Step 3: Create an AWS Run As account

You must set up credentials that grant AWS Management Pack access to your AWS resources.

To create an AWS Run As account

1. We recommend that you create an IAM user with the minimum access rights required (for example, the ReadOnlyAccess AWS managed policy works in most cases). You'll need the access keys (access key ID and secret access key) for this user to complete this procedure. For more information, see Administering Access Keys for IAM Users in the IAM User Guide.

   Users need programmatic access if they want to interact with AWS outside of the AWS Management Console. The way to grant programmatic access depends on the type of user that's accessing AWS:

   • If you manage identities in IAM Identity Center, the AWS APIs require a profile, and the AWS Command Line Interface requires a profile or an environment variable.

   • If you have IAM users, the AWS APIs and the AWS Command Line Interface require access keys. Whenever possible, create temporary credentials that consist of an access key ID, a secret access key, and a security token that indicates when the credentials expire.

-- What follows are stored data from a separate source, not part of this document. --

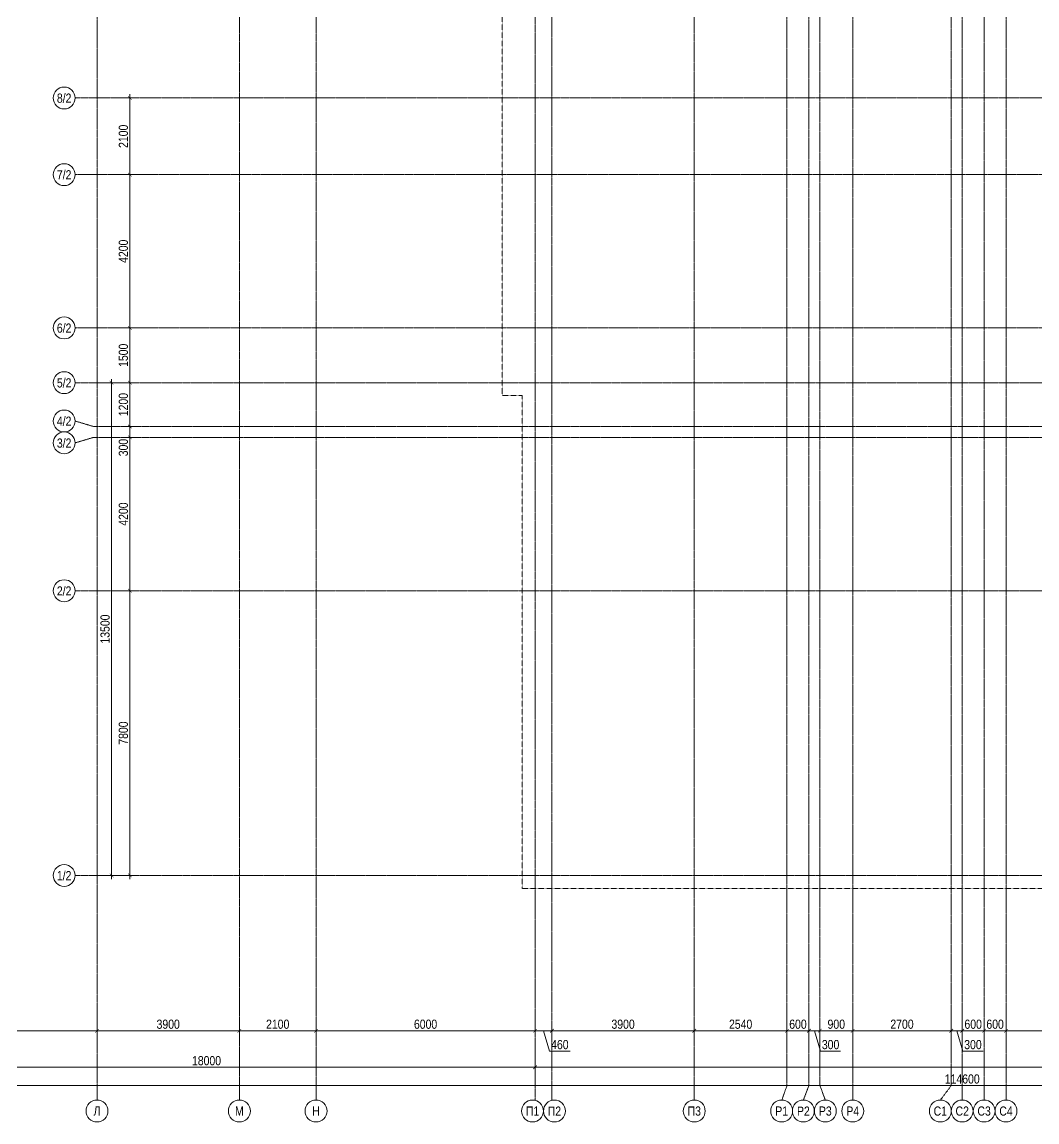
# Model space of a CAD drawing. Header units: millimetres. Extents: x -328335 to 1460319, y -208171 to 164069.
# Drawn here: x 332320 to 360122, y -6755 to 23381 of the extents above; entities that cross this region are included whole.
import ezdxf
from ezdxf import colors
from ezdxf.entities.mleader import LeaderData, LeaderLine
from ezdxf.enums import TextEntityAlignment as Align
from ezdxf.math import Vec2, Vec3

# ---------------------------------------------------------------- set-up
doc = ezdxf.new("R2010")
doc.units = ezdxf.units.MM
doc.header["$LTSCALE"] = 0.5
doc.linetypes.add('CENTER', pattern=[50.8, 31.75, -6.35, 6.35, -6.35])
doc.linetypes.add('DASHED', pattern=[19.05, 12.7, -6.35])
doc.layers.get('Defpoints').update_dxf_attribs({"color": 140})
doc.layers.add('АР_Делит', color=120, linetype='Continuous', lineweight=0, plot=False)
doc.layers.add('АЦ_Выноски', color=7, linetype='Continuous', lineweight=5)
doc.layers.add('РД_Оси_размер', color=8, linetype='Continuous', lineweight=0)
doc.layers.add('РД_Оси_100', color=7, linetype='Continuous', lineweight=0, true_color=0x525252)
doc.styles.add('style1', font='ARIALN.TTF')
doc.styles.add('ккк', font='isocpeur.ttf', dxfattribs={"width": 0.85, "oblique": 15})
doc.dimstyles.new('Dim100_ареал', dxfattribs={"dimscale": 100, "dimtxt": 2.5, "dimasz": 1, "dimexe": 1, "dimexo": 1, "dimgap": 0.5, "dimtad": 1, "dimzin": 12, "dimdsep": 46, "dimtxsty": 'style1', "dimblk": 'ARCHTICK', "dimcen": 1, "dimdle": 1, "dimaunit": 1, "dimadec": 0, "dimazin": 3, "dimtfac": 1, "dimtmove": 1, "dimatfit": 3, "dimldrblk": 'OPEN30', "dimfxl": 2, "dimfxlon": 1, "dimtolj": 1, "dimtzin": 0, "dimlwd": 5, "dimlwe": 5, "dimarcsym": 0})

# ---------------------------------------------------------------- blocks, each defined once
blk = doc.blocks.new('_Dot')
at = {"color": 0, "linetype": 'ByBlock', "lineweight": -2}
blk.add_line((-0.5, 0), (-1, 0), dxfattribs=at)
at = {"color": 0, "linetype": 'ByBlock', "const_width": 0.5}
blk.add_lwpolyline([(-0.25, 0, 1), (0.25, 0, 1)], format="xyb", close=True, dxfattribs=at)
blk = doc.blocks.new('A-iden')
at = {"linetype": 'Continuous', "lineweight": 5}
blk.add_circle((0, -4), 3, dxfattribs=at)
at = {"color": 0, "linetype": 'Continuous', "lineweight": 20, "style": 'ккк', "width": 0.85}
blk.add_attdef('ID', text='', height=4, dxfattribs=at).set_placement((0.31, -3.85), align=Align.MIDDLE_CENTER)
blk = doc.blocks.new('_ArchTick')
at = {"color": 0, "linetype": 'ByBlock', "const_width": 0.15}
blk.add_lwpolyline([(-0.5, -0.5), (0.5, 0.5)], dxfattribs=at)
blk = doc.blocks.new('*D265')
at = {"layer": 'Defpoints', "color": 0, "transparency": 16777216}
for p in [(28500, -3255), (33600, -3255), (33600, -4255)]:
    blk.add_point(p, dxfattribs=at)
at = {"layer": 'РД_Оси_размер', "color": 0, "lineweight": 5, "transparency": 16777216}
for p, q in [((28500, -4055), (28500, -4355)), ((33600, -4055), (33600, -4355)), ((28400, -4255), (33700, -4255))]:
    blk.add_line(p, q, dxfattribs=at)
at = {"layer": 'РД_Оси_размер', "color": 0, "lineweight": 5, "transparency": 16777216, "xscale": 100, "yscale": 100, "zscale": 100, "rotation": 180}
blk.add_blockref('_ArchTick', (28500, -4255), dxfattribs=at)
at = {"layer": 'РД_Оси_размер', "color": 0, "lineweight": 5, "transparency": 16777216, "xscale": 100, "yscale": 100, "zscale": 100}
blk.add_blockref('_ArchTick', (33600, -4255), dxfattribs=at)
at = {"layer": 'РД_Оси_размер', "color": 0, "transparency": 16777216, "insert": (31050, -4077), "char_height": 250, "attachment_point": 5, "style": 'style1'}
blk.add_mtext('\\A1;5100', dxfattribs=at)
blk = doc.blocks.new('_Open30')
at = {"color": 0, "linetype": 'ByBlock', "lineweight": -2}
for p, q in [((-1, 0.27), (0, 0)), ((0, 0), (-1, -0.27)), ((0, 0), (-1, 0))]:
    blk.add_line(p, q, dxfattribs=at)
blk = doc.blocks.new('*D266')
at = {"layer": 'Defpoints', "color": 0, "transparency": 16777216}
for p in [(33600, -3255), (37500, -3255), (37500, -4255)]:
    blk.add_point(p, dxfattribs=at)
at = {"layer": 'РД_Оси_размер', "color": 0, "lineweight": 5, "transparency": 16777216}
for p, q in [((33600, -4055), (33600, -4355)), ((37500, -4055), (37500, -4355)), ((33500, -4255), (37600, -4255))]:
    blk.add_line(p, q, dxfattribs=at)
at = {"layer": 'РД_Оси_размер', "color": 0, "lineweight": 5, "transparency": 16777216, "xscale": 100, "yscale": 100, "zscale": 100, "rotation": 180}
blk.add_blockref('_ArchTick', (33600, -4255), dxfattribs=at)
at = {"layer": 'РД_Оси_размер', "color": 0, "lineweight": 5, "transparency": 16777216, "xscale": 100, "yscale": 100, "zscale": 100}
blk.add_blockref('_ArchTick', (37500, -4255), dxfattribs=at)
at = {"layer": 'РД_Оси_размер', "color": 0, "transparency": 16777216, "insert": (35550, -4077), "char_height": 250, "attachment_point": 5, "style": 'style1'}
blk.add_mtext('\\A1;3900', dxfattribs=at)
blk = doc.blocks.new('*D267')
at = {"layer": 'Defpoints', "color": 0, "transparency": 16777216}
for p in [(37500, -3255), (39600, -3255), (39600, -4255)]:
    blk.add_point(p, dxfattribs=at)
at = {"layer": 'РД_Оси_размер', "color": 0, "lineweight": 5, "transparency": 16777216}
for p, q in [((37500, -4055), (37500, -4355)), ((39600, -4055), (39600, -4355)), ((37400, -4255), (39700, -4255))]:
    blk.add_line(p, q, dxfattribs=at)
at = {"layer": 'РД_Оси_размер', "color": 0, "lineweight": 5, "transparency": 16777216, "xscale": 100, "yscale": 100, "zscale": 100, "rotation": 180}
blk.add_blockref('_ArchTick', (37500, -4255), dxfattribs=at)
at = {"layer": 'РД_Оси_размер', "color": 0, "lineweight": 5, "transparency": 16777216, "xscale": 100, "yscale": 100, "zscale": 100}
blk.add_blockref('_ArchTick', (39600, -4255), dxfattribs=at)
at = {"layer": 'РД_Оси_размер', "color": 0, "transparency": 16777216, "insert": (38550, -4077), "char_height": 250, "attachment_point": 5, "style": 'style1'}
blk.add_mtext('\\A1;2100', dxfattribs=at)
blk = doc.blocks.new('*D268')
at = {"layer": 'Defpoints', "color": 0, "transparency": 16777216}
for p in [(39600, -3255), (45600, -3255), (45600, -4255)]:
    blk.add_point(p, dxfattribs=at)
at = {"layer": 'РД_Оси_размер', "color": 0, "lineweight": 5, "transparency": 16777216}
for p, q in [((39600, -4055), (39600, -4355)), ((45600, -4055), (45600, -4355)), ((39500, -4255), (45700, -4255))]:
    blk.add_line(p, q, dxfattribs=at)
at = {"layer": 'РД_Оси_размер', "color": 0, "lineweight": 5, "transparency": 16777216, "xscale": 100, "yscale": 100, "zscale": 100, "rotation": 180}
blk.add_blockref('_ArchTick', (39600, -4255), dxfattribs=at)
at = {"layer": 'РД_Оси_размер', "color": 0, "lineweight": 5, "transparency": 16777216, "xscale": 100, "yscale": 100, "zscale": 100}
blk.add_blockref('_ArchTick', (45600, -4255), dxfattribs=at)
at = {"layer": 'РД_Оси_размер', "color": 0, "transparency": 16777216, "insert": (42600, -4077), "char_height": 250, "attachment_point": 5, "style": 'style1'}
blk.add_mtext('\\A1;6000', dxfattribs=at)
blk = doc.blocks.new('*D269')
at = {"layer": 'Defpoints', "color": 0, "transparency": 16777216}
for p in [(45600, -3255), (46060, -3255), (46060, -4255)]:
    blk.add_point(p, dxfattribs=at)
at = {"layer": 'РД_Оси_размер', "color": 0, "lineweight": 5, "transparency": 16777216}
for p, q in [((45600, -4055), (45600, -4355)), ((46060, -4055), (46060, -4355)), ((45500, -4255), (46160, -4255)), ((45830, -4255), (45997, -4813)), ((45997, -4813), (46558, -4813))]:
    blk.add_line(p, q, dxfattribs=at)
at = {"layer": 'РД_Оси_размер', "color": 0, "lineweight": 5, "transparency": 16777216, "xscale": 100, "yscale": 100, "zscale": 100, "rotation": 180}
blk.add_blockref('_ArchTick', (45600, -4255), dxfattribs=at)
at = {"layer": 'РД_Оси_размер', "color": 0, "lineweight": 5, "transparency": 16777216, "xscale": 100, "yscale": 100, "zscale": 100}
blk.add_blockref('_ArchTick', (46060, -4255), dxfattribs=at)
at = {"layer": 'РД_Оси_размер', "color": 0, "transparency": 16777216, "insert": (46278, -4635), "char_height": 250, "attachment_point": 5, "style": 'style1'}
blk.add_mtext('\\A1;460', dxfattribs=at)
blk = doc.blocks.new('*D270')
at = {"layer": 'Defpoints', "color": 0, "transparency": 16777216}
for p in [(46060, -3255), (49960, -3255), (49960, -4255)]:
    blk.add_point(p, dxfattribs=at)
at = {"layer": 'РД_Оси_размер', "color": 0, "lineweight": 5, "transparency": 16777216}
for p, q in [((46060, -4055), (46060, -4355)), ((49960, -4055), (49960, -4355)), ((45960, -4255), (50060, -4255))]:
    blk.add_line(p, q, dxfattribs=at)
at = {"layer": 'РД_Оси_размер', "color": 0, "lineweight": 5, "transparency": 16777216, "xscale": 100, "yscale": 100, "zscale": 100, "rotation": 180}
blk.add_blockref('_ArchTick', (46060, -4255), dxfattribs=at)
at = {"layer": 'РД_Оси_размер', "color": 0, "lineweight": 5, "transparency": 16777216, "xscale": 100, "yscale": 100, "zscale": 100}
blk.add_blockref('_ArchTick', (49960, -4255), dxfattribs=at)
at = {"layer": 'РД_Оси_размер', "color": 0, "transparency": 16777216, "insert": (48010, -4077), "char_height": 250, "attachment_point": 5, "style": 'style1'}
blk.add_mtext('\\A1;3900', dxfattribs=at)
blk = doc.blocks.new('*D271')
at = {"layer": 'Defpoints', "color": 0, "transparency": 16777216}
for p in [(49960, -3255), (52500, -3255), (52500, -4255)]:
    blk.add_point(p, dxfattribs=at)
at = {"layer": 'РД_Оси_размер', "color": 0, "lineweight": 5, "transparency": 16777216}
for p, q in [((49960, -4055), (49960, -4355)), ((52500, -4055), (52500, -4355)), ((49860, -4255), (52600, -4255))]:
    blk.add_line(p, q, dxfattribs=at)
at = {"layer": 'РД_Оси_размер', "color": 0, "lineweight": 5, "transparency": 16777216, "xscale": 100, "yscale": 100, "zscale": 100, "rotation": 180}
blk.add_blockref('_ArchTick', (49960, -4255), dxfattribs=at)
at = {"layer": 'РД_Оси_размер', "color": 0, "lineweight": 5, "transparency": 16777216, "xscale": 100, "yscale": 100, "zscale": 100}
blk.add_blockref('_ArchTick', (52500, -4255), dxfattribs=at)
at = {"layer": 'РД_Оси_размер', "color": 0, "transparency": 16777216, "insert": (51230, -4077), "char_height": 250, "attachment_point": 5, "style": 'style1'}
blk.add_mtext('\\A1;2540', dxfattribs=at)
blk = doc.blocks.new('*D272')
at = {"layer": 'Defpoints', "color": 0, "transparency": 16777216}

   To grant users programmatic access, choose one of the following options.

   Which user needs programmatic access?	To	By
   Workforce identity (Users managed in IAM Identity Center)	Use short-term credentials to sign programmatic requests to the AWS CLI or AWS APIs (directly or by using the AWS SDKs).	Following the instructions for the interface that you want to use: For the AWS CLI, follow the instructions in Getting IAM role credentials for CLI access in the AWS IAM Identity Center (successor to AWS Single Sign-On) User Guide. For the AWS APIs, follow the instructions in SSO credentials in the AWS SDKs and Tools Reference Guide.
   IAM	Use short-term credentials to sign programmatic requests to the AWS CLI or AWS APIs (directly or by using the AWS SDKs).	Following the instructions in Using temporary credentials with AWS resources in the IAM User Guide.
   IAM	Use long-term credentials to sign programmatic requests to the AWS CLI or AWS APIs (directly or by using the AWS SDKs). (Not recommended)	Following the instructions in Managing access keys for IAM users in the IAM User Guide.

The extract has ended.